I wasn’t going to get into this, but I can’t help myself. While I admire the work that Kristopher has done and continues to do, I don’t think that there is a whole lot of upfront transparency from Zooomr. Instead, they tell you afterwards what they are doing and hope you’ll buy in. While many upgrades have been made, there is still functionality missing that had been there previously. Sour aftertaste, indeed.
Nice PR spin, Kris, but that’s not the point of my post. The idea is to stay away from promising something you can’t deliver.

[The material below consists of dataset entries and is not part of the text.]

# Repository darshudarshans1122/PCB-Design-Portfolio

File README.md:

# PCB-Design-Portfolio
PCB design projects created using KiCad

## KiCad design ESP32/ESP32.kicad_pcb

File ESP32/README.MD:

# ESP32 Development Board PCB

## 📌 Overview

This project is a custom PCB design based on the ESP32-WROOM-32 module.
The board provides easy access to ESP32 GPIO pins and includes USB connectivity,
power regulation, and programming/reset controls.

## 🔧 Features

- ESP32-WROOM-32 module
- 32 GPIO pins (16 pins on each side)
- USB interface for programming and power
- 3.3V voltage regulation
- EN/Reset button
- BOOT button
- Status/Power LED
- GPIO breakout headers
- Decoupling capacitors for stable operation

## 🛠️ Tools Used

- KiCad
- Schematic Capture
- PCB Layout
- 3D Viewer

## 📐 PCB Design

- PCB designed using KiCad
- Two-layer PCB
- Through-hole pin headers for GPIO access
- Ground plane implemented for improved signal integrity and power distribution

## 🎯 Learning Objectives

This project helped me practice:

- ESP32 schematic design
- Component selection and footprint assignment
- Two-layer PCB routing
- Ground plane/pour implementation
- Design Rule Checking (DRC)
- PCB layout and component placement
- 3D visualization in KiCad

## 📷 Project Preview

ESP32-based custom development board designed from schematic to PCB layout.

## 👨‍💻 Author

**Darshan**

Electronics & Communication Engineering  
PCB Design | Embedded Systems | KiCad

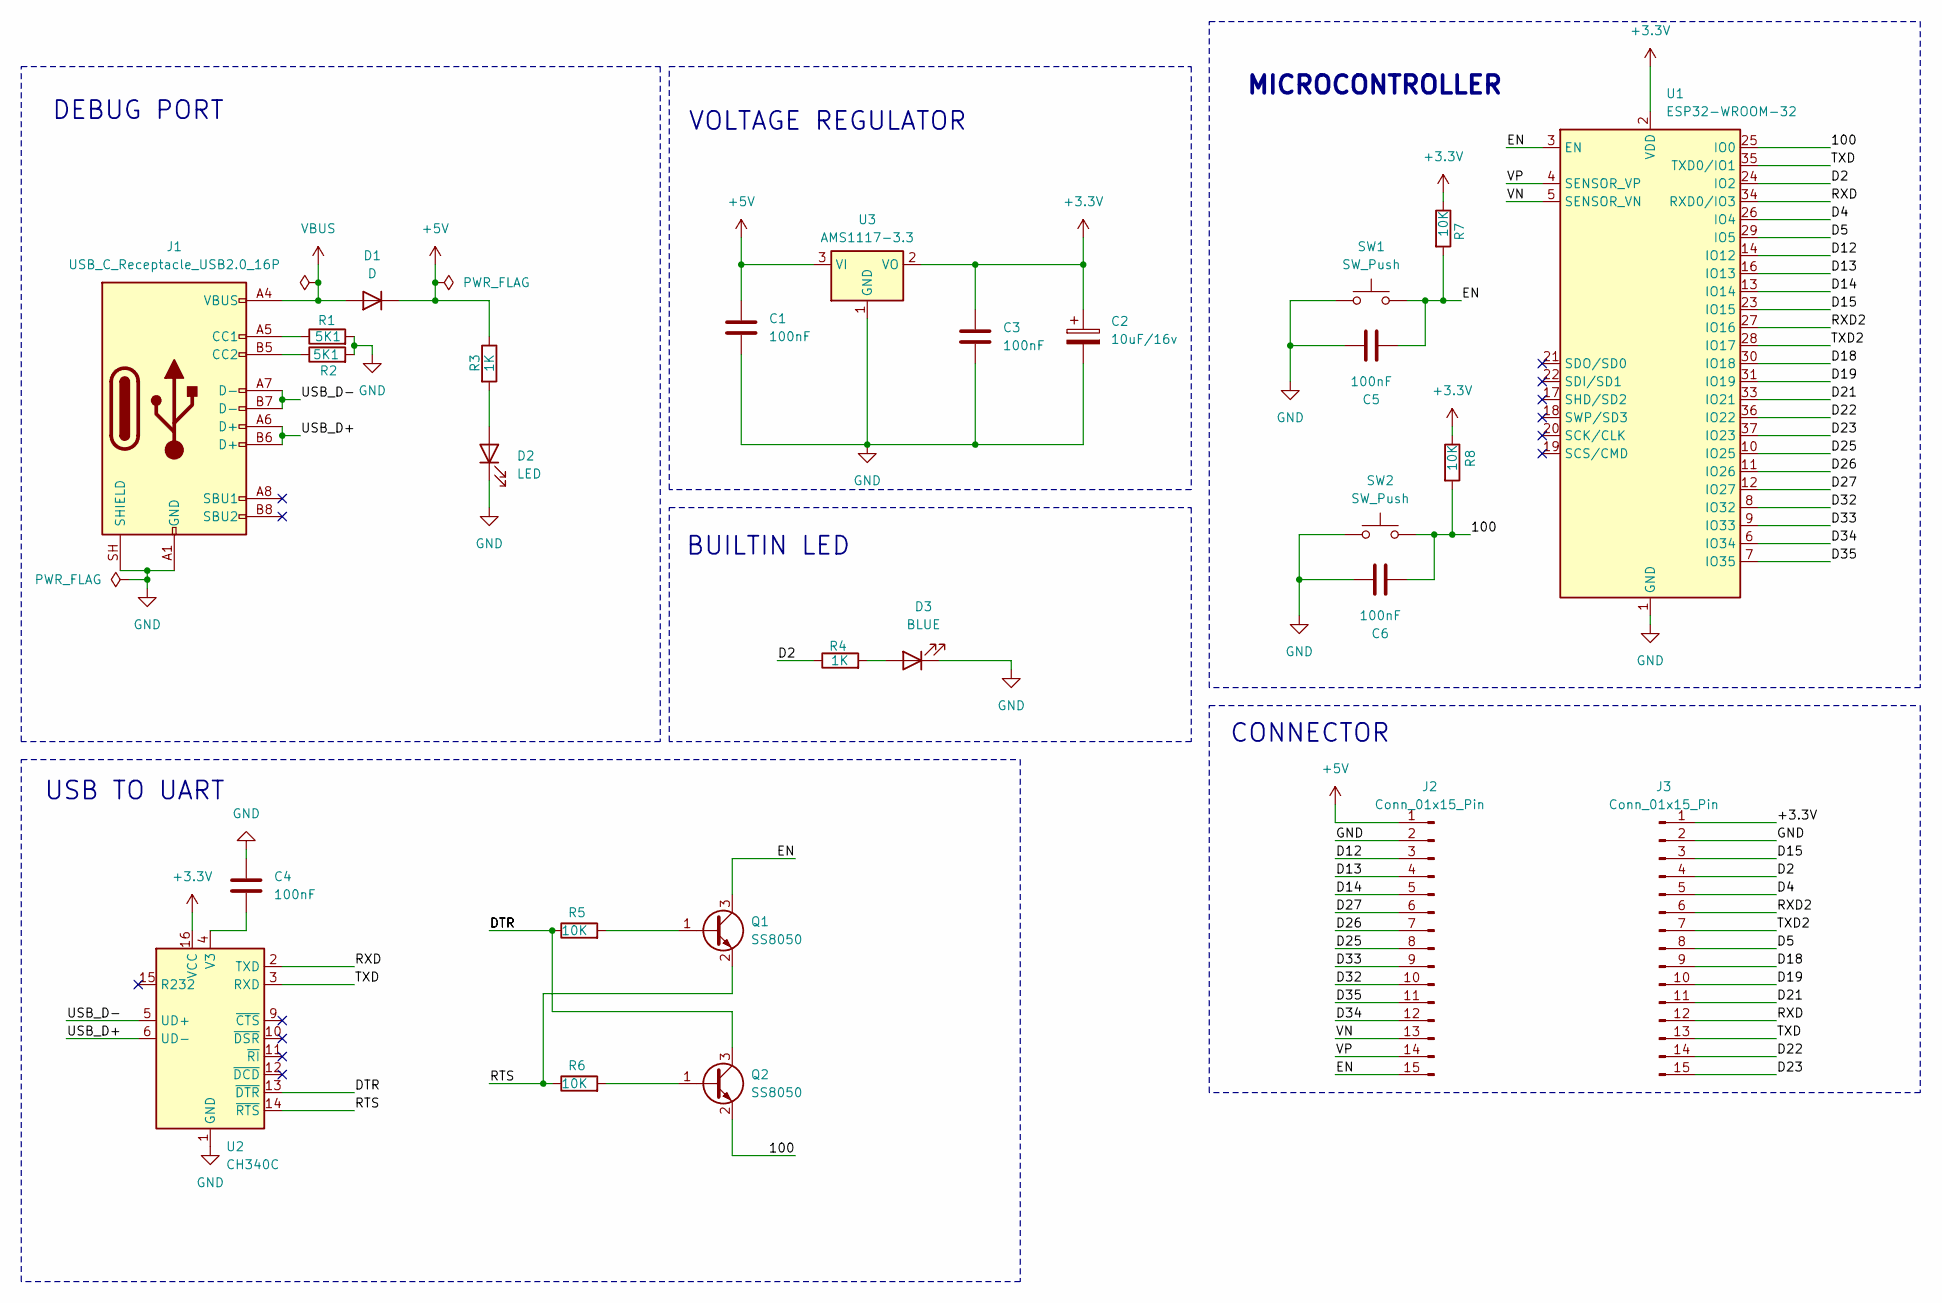
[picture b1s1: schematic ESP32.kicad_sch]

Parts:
C1, C3, C4, C5, C6: 100nF; C_0603_1608Metric
C2: 10uF/16v; CP_EIA-3216-12_Kemet-S
D1: D; D_0603_1608Metric
D2: LED; LED_0603_1608Metric
D3: BLUE; LED_0603_1608Metric
J1: USB_C_Receptacle_USB2.0_16P; USB_C_Receptacle_HRO_TYPE-C-31-M-12
J2, J3: Conn_01x15_Pin; PinHeader_1x15_P2.54mm_Vertical
Q1, Q2: SS8050; SOT-23
R1, R2: 5K1; R_0603_1608Metric
R3, R4: 1K; R_0603_1608Metric
R5, R6, R7, R8: 10K; R_0603_1608Metric
SW1, SW2: SW_Push; SW_Push_SPST_NO_Alps_SKRK
U1: ESP32-WROOM-32
U2: CH340C; SOIC-16_3.9x9.9mm_P1.27mm
U3: AMS1117-3.3; SOT-223-3_TabPin2

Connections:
+3.3V: C2.1, C3.1, J3.1, R7.1, R8.1, U1.2 (VDD), U2.16 (VCC), U3.2 (VO)
+5V: C1.1, D1.1 (K), J2.1, R3.1, U3.3 (VI)
/100: C6.1, Q2.2 (E), R8.2, SW2.2, U1.25 (IO0)
/D2: J3.4, R4.1, U1.24 (IO2)
/D4: J3.5, U1.26 (IO4)
/D5: J3.8, U1.29 (IO5)
/D12: J2.3, U1.14 (IO12)
/D13: J2.4, U1.16 (IO13)
/D14: J2.5, U1.13 (IO14)
/D15: J3.3, U1.23 (IO15)
/D18: J3.9, U1.30 (IO18)
/D19: J3.10, U1.31 (IO19)
/D21: J3.11, U1.33 (IO21)
/D22: J3.14, U1.36 (IO22)
/D23: J3.15, U1.37 (IO23)
/D25: J2.8, U1.10 (IO25)
/D26: J2.7, U1.11 (IO26)
/D27: J2.6, U1.12 (IO27)
/D32: J2.10, U1.8 (IO32)
/D33: J2.9, U1.9 (IO33)
/D34: J2.12, U1.6 (IO34)
/D35: J2.11, U1.7 (IO35)
/DTR: Q2.3 (C), R5.1, U2.13 (~DTR)
/EN: C5.1, J2.15, Q1.3 (C), R7.2, SW1.2, U1.3 (EN)
/RTS: Q1.2 (E), R6.1, U2.14 (~RTS)
/RXD: J3.12, U1.34 (RXD0/IO3), U2.2 (TXD)
/RXD2: J3.6, U1.27 (IO16)
/TXD: J3.13, U1.35 (TXD0/IO1), U2.3 (RXD)
/TXD2: J3.7, U1.28 (IO17)
/USB_D+: J1.A6 (D+), J1.B6 (D+), U2.6 (UD-)
/USB_D-: J1.A7 (D-), J1.B7 (D-), U2.5 (UD+)
/VN: J2.13, U1.5 (SENSOR_VN)
/VP: J2.14, U1.4 (SENSOR_VP)
GND: C1.2, C2.2, C3.2, C4.1, C5.2, C6.2, D2.1 (K), D3.1 (K), J1.A1 (GND), J1.A12 (GND), J1.B1 (GND), J1.B12 (GND), J1.SH (SHIELD), J2.2, J3.2, R1.2, R2.2, SW1.1, SW2.1, U1.1 (GND), U1.15 (GND), U1.38 (GND), U1.39 (GND), U2.1 (GND), U3.1 (GND)
unnamed: D2.2 (A), R3.2
unnamed: D3.2 (A), R4.2
unnamed: J1.A5 (CC1), R1.1
unnamed: J1.B5 (CC2), R2.1
unnamed: Q1.1 (B), R5.2
unnamed: Q2.1 (B), R6.2
unnamed: C4.2, U2.4 (V3)
VBUS: D1.2 (A), J1.A4 (VBUS), J1.A9 (VBUS), J1.B4 (VBUS), J1.B9 (VBUS)

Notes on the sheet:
MICROCONTROLLER
VOLTAGE REGULATOR
DEBUG PORT
USB TO UART
CONNECTOR
BUILTIN LED

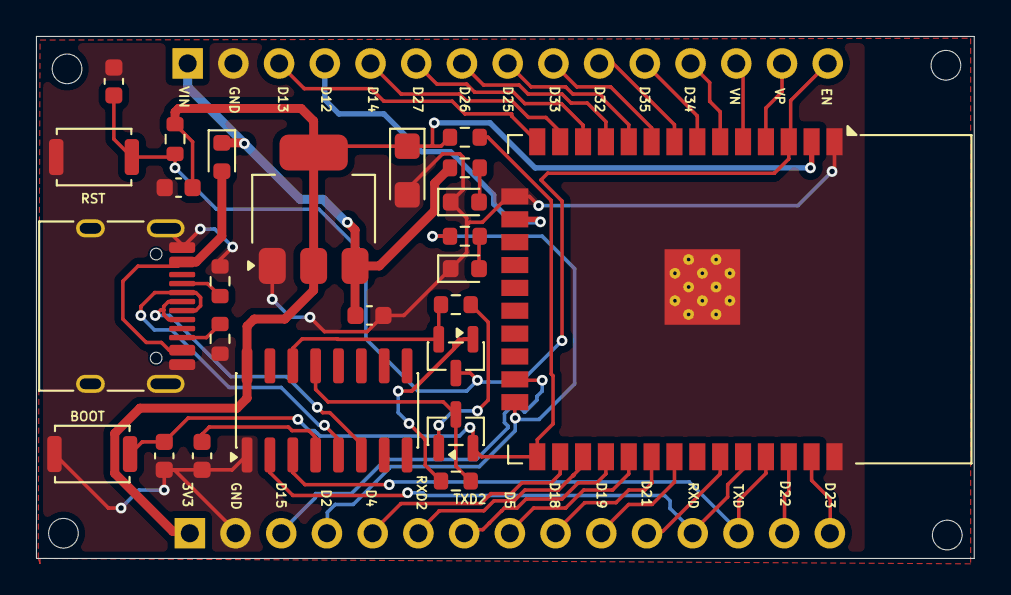
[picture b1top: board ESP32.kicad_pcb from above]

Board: 2 copper layers, 52.1 x 29.0 mm, 27 parts (0 on the bottom side), 42 nets.

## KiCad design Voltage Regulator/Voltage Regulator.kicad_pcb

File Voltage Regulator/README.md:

🔋 Voltage Regulator PCB

A compact voltage regulator PCB designed to convert a higher DC input voltage into a stable regulated DC output. This project focuses on schematic design, component selection, PCB placement, and routing using KiCad.

⚙️ Features

- Stable regulated DC output
- Input and output filtering
- LED power indicator
- Compact PCB design
- Proper power and ground routing

🔧 Main Components

- Voltage regulator IC
- Input capacitor
- Output capacitor
- LED
- Current-limiting resistor
- Input/Output connectors

🛠️ Design Process

1. Designed the schematic in KiCad
2. Selected and assigned footprints
3. Created the PCB layout
4. Placed components
5. Routed power and ground connections
6. Completed PCB layout and DRC checks

🎯 Learning Outcomes

- Voltage regulator circuit design
- Power PCB layout
- Component placement
- Power and ground routing
- KiCad schematic-to-PCB workflow

🛠️ Tools Used

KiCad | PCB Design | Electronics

Being upfront has nothing to do with it.
You can be upfront with your users all you want as long as you deliver on your promises, which, historically speaking, hasn’t been the case for Zooomr.
Perhaps that’ll change in the future, now that you’ve got some more funding and staff. It remains to be seen.
But please don’t try to put a PR spin on my article. It only adds to the frustration and disappointment I’ve already experienced as a Zooomr user.
Cool post Raoul, while we’re not Best Buy or Circuit City, I will offer my thoughts on Social Software.
In the case of Zooomr, we did deliver over 250 new features and refinements in the Mark III release. We’ve continued to add even new features and fix older bugs, as well. Mark III is more than a collections of features, it was a complete rewrite of Zooomr to help us scale our service to the many people who use our service throughout the world.
A recent example of a wonderful feature we’ve launched for our users is Social Stream.
In all, because Zooomr is run in an up-front manner (where we tell you what we’re planning and if something doesn’t make the cut, then it doesn’t make the cut) nothing is kept secret from our users. We want our users to be a part of the process!
Marketplace was a big push in Mark III — and still is for our users outside of Asia; we instructed everyone to start pricing photos and they have. We mentioned in our launch that we weren’t going to launch Marketplace first-thing and that we would launch it at our discretion at a later date to be determined.
We have explained to our users that at the time we launched Mark III, Zooomr was merely a two man company unable to fulfill Marketplace orders, so if we were to open the Marketplace, it would have been hard to process orders. Now that we have a full staff, it will be much easier to re-approach the idea.
In all, we look at what the majority of our users want. They told us that they wanted to talk with their friends in real-time through both Photos and Text, and we delivered Zipline. They told us that they wanted to track what their photos were up to, and we delivered Social Stream.
Really, the future of Zooomr is just beginning! And, while what you say about managing expectations is true, It’s our humble opinion that we should be open about our plans to help people communicate with their friends and family around the world. If we were to ‘manage expectations’, we might not be able to be as open.
Again, great post and thanks for mentioning Zooomr!